The use of views should be limited to DM tables only. For large data model tables with complex definitions (e.g. multiple joins) a table may be created for DM instead, if DM load runtimes are longer than expected.

Use Tables if many transformations access it

Temporary tables (especially large tables) should not be created as views when used by subsequent transformations.

Combine tables if possible

Avoid extra tables that carry the same data, e.g. case table and TMP table

Order a table that is often joined by the columns used in this JOIN and segment by one

This will sort the default projection by those columns and will improve performance of subsequent queries that use the table

Ensure Table Statistics are refreshed for optimal performance of queries.

Run SELECT ANALYZE_STATISTICS(‘TABLENAME’); after the creation of every temporary/custom table.

Field sizes are significant from a performance aspect. Review your tableschemas and reduce the size of the fields if it is not used.

Example: A reduction from VARCHAR(200) to VARCHAR(20) might have a significantperformance impact.

SELECT

Avoid DISTINCT

Consider whether a better designed query logic makes the use of DISTINCT unnecessary.

Reduce SELECT * to needed columns

The fewer columns carried over (in temp tables or DM tables), the more performant the pipeline will be.

Avoid (nearly) unused JOINS

e.g. if only used for one column that 'might' be used in an analysis

JOINS

Tables should be INNER JOINED in the order of ascending size

The sorted hash table needed for the INNER join will thus be created based on the smaller table. If Table Statistics have been properly refreshed, attention to the join order is not required.

JOINS fields > 500 characters are significantly slower than JOINS on fields < 500 characters.

Make sure to optimize the field size, example: VARCHAR(60) offers better performance than using VARCHAR(600).

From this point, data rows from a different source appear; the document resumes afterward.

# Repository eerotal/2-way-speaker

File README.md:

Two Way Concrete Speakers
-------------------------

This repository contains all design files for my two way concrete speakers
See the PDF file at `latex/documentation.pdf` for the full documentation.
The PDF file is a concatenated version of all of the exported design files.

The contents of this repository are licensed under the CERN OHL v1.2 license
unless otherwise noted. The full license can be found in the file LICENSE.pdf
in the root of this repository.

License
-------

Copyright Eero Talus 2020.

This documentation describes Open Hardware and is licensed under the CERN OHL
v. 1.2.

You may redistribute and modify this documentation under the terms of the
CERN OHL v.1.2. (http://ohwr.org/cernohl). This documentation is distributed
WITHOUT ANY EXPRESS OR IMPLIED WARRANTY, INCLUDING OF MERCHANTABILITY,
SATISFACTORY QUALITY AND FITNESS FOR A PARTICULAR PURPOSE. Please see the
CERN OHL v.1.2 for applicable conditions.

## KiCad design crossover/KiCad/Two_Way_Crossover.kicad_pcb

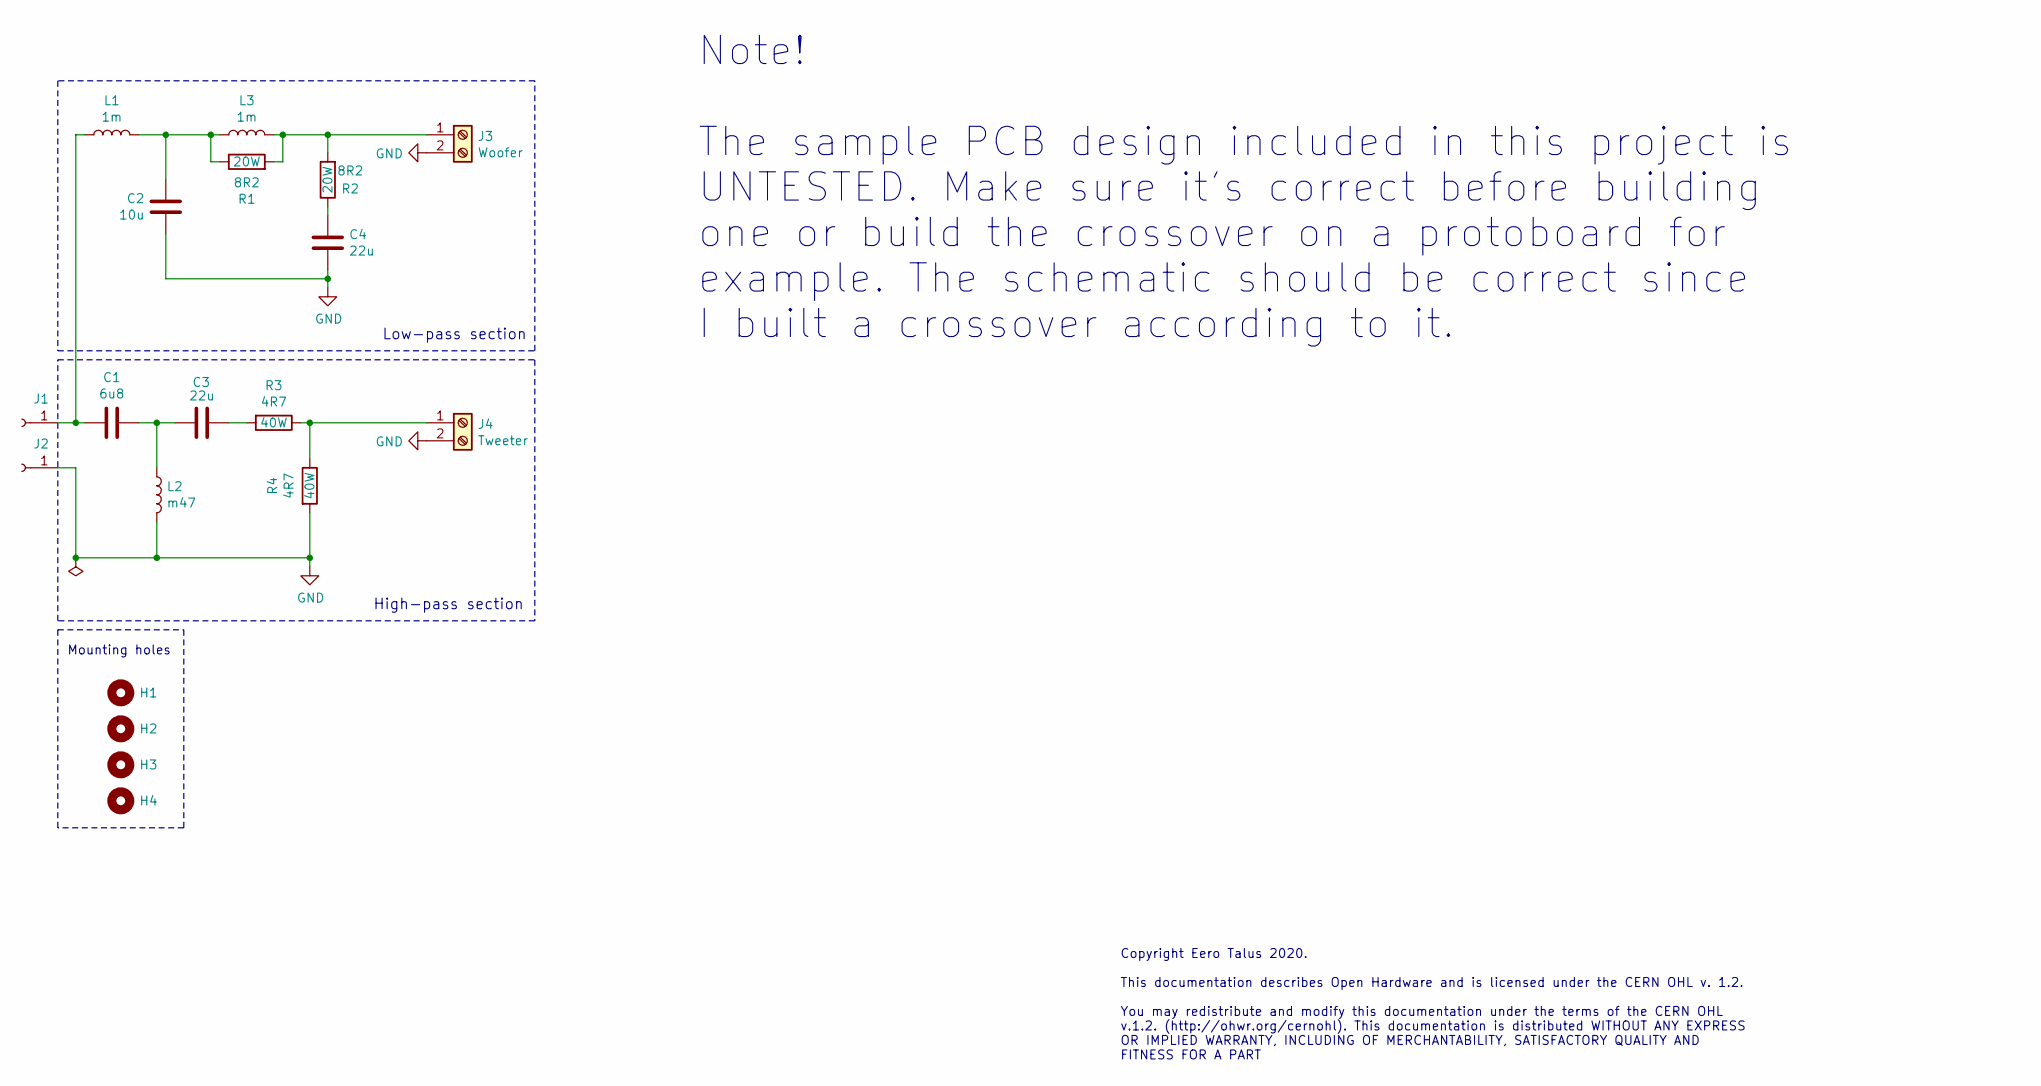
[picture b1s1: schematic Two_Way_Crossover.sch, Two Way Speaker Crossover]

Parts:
C1: 6u8; C_Rect_L31.5mm_W11.0mm_P27.50mm_MKS4
C2: 10u; C_Rect_L26.5mm_W8.5mm_P22.50mm_MKS4
C3, C4: 22u; C_Rect_L31.5mm_W15.0mm_P27.50mm_MKS4
H1, H2, H3, H4: MountingHole; MountingHole_3.2mm_M3_DIN965
J1, J2: Conn_01x01_Female; MountingHole_3.2mm_M3_DIN965_Pad
J3: Woofer; CTBP0508_x2_10.16x8.5x10.20mm_P5.08mm
J4: Tweeter; CTBP0508_x2_10.16x8.5x10.20mm_P5.08mm
L1, L3: 1m; Radial_D36.5mm_H12.0mm_P23.0mm
L2: m47; Radial_D36.5mm_H12.0mm_P23.0mm
R1, R2: 8R2; R_Axial_Power_L60.0mm_W14.0mm_P66.04mm
R3, R4: 4R7; Resistor_Power_Axial_L91.5_W20.2_H20.2

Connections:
GND: C2.1, C4.2, J2.1, J3.2, J4.2, L2.2, R4.2
unnamed: C1.1, C3.1, L2.1
unnamed: C1.2, J1.1, L1.1
unnamed: C2.2, L1.2, L3.1, R1.1
unnamed: C3.2, R3.2
unnamed: C4.1, R2.1
unnamed: J3.1, L3.2, R1.2, R2.2
unnamed: J4.1, R3.1, R4.1

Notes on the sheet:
Mounting holes
Low-pass section
High-pass section
Copyright Eero Talus 2020. This documentation describes Open Hardware and is licensed under the CERN OHL v. 1.2. You may redistribute and modify this documentation under the terms of the CERN OHL v.1.2. (http://ohwr.org/cernohl). This documentation is distributed WITHOUT ANY EXPRESS OR IMPLIED WARR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
Note! The sample PCB design included in this project is UNTESTED. Make sure it's correct before building one or build the crossover on a protoboard for example. The schematic should be correct since I built a crossover according to it.

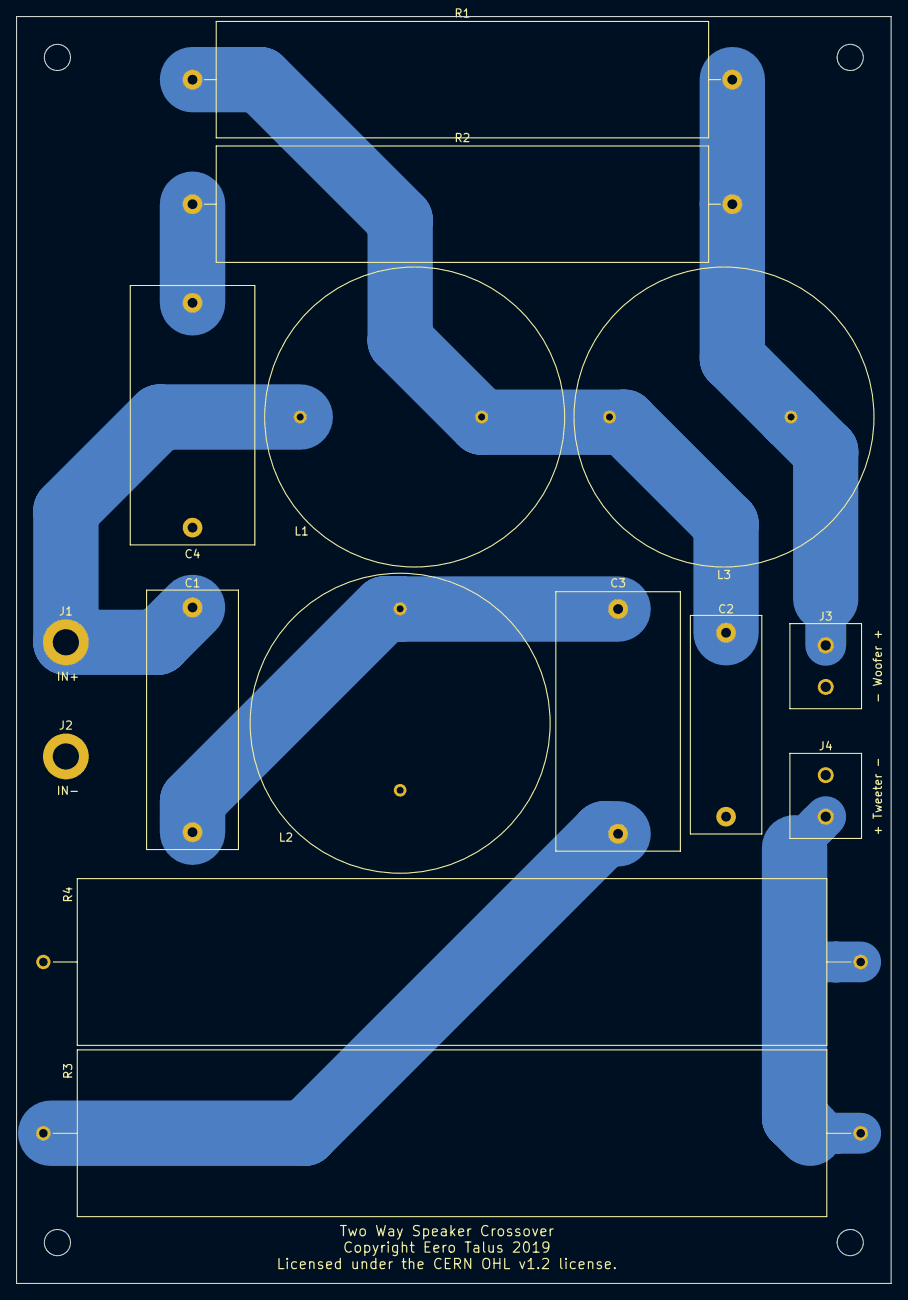
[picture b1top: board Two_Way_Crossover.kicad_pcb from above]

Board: 2 copper layers, 107.0 x 155.0 mm, 19 parts (0 on the bottom side), 8 nets.

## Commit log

2019-07-30 Update notes and add Boxsim simulation
2019-07-30 Model tweeter and cutouts
2019-08-02 Various improvements
2019-08-04 Add threaded inserts
2019-08-05 Fix front panel countersinks
2019-08-05 Improve driver positions
2019-08-05 Model a connector panel
2019-08-05 Improve model, add BOM
2019-08-09 Various tweaks
2019-08-10 Create 2D drawings
2019-08-13 Model a jig for routing the port slot
2019-08-13 Change back and front panel thickness from 20mm to 18mm
2019-08-13 Fix port length + update drawings
2019-09-15 Begin modeling a speaker stand
2019-09-17 Change speaker stand leg angles to 12.5deg
2019-10-06 Change port design
2019-10-14 Tweak port design
2019-10-16 Update simulation & fix drawings
2019-10-16 Fix drawings
2019-11-29 Tweak drawings
2019-11-29 Improve directory layout, generate documentation pdf with sh
2019-11-30 Create proper crossover schematics & PCB + fix ngspice resistor values
2019-11-30 Remove automatically created latex file from repo
2019-12-12 Tweak crossover
2019-12-12 Model a new stand
2019-12-15 Model yet another stand
2019-12-16 Redesign PCB
2019-12-16 Improve stand model
2019-12-18 Create CAM operations for stand plates
2019-12-18 Fix CAM feedrates and spindle speeds
2019-12-19 Partially fix incorrect PCB footprints
2019-12-19 Fix crossover simulation values
2019-12-19 Write better docs
2019-12-31 Modify stand details
2020-01-01 Improve docs
2020-01-01 Add PDFs to repo
2020-01-01 Improve readme
2020-01-01 Tweak stand model CAM settings
2020-01-06 Remove stand model from repo
2020-01-07 Add license
2020-01-07 Rename license file
2020-01-07 Add render to readme
2020-01-07 Add frequency response to docs

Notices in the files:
crossover/KiCad/Two_Way_Crossover.kicad_pcb:
Copyright Eero Talus 2019

Avoid INNER JOIN with the purpose of limiting the data set

using WHERE EXISTS in such cases may help to avoid duplications of records in the resulting data set that a JOIN operation would cause, forcing the user to resort to a use of DISTINCT, negatively affecting performance

Don’t modify columns with functions in the join

e.g. avoid the use of functions such as substring(), right() or cast() in JOIN conditions

UNION

Move conditions to extraction if possible

If same conditions are applied on a table throughout the pipeline, limiting the table contents during extraction will improve runtimes throughout the pipeline, as well as provide APC savings

Use UNION ALL if possible

Using UNION ALL instead of UNION avoids DISTINCT operations in the background

CONDITIONS

Move WHERE-conditions directly into inner joins

Any WHERE conditions that are applied on tables that are part of INNER JOINS of a query can be incorporated in the JOIN conditions instead.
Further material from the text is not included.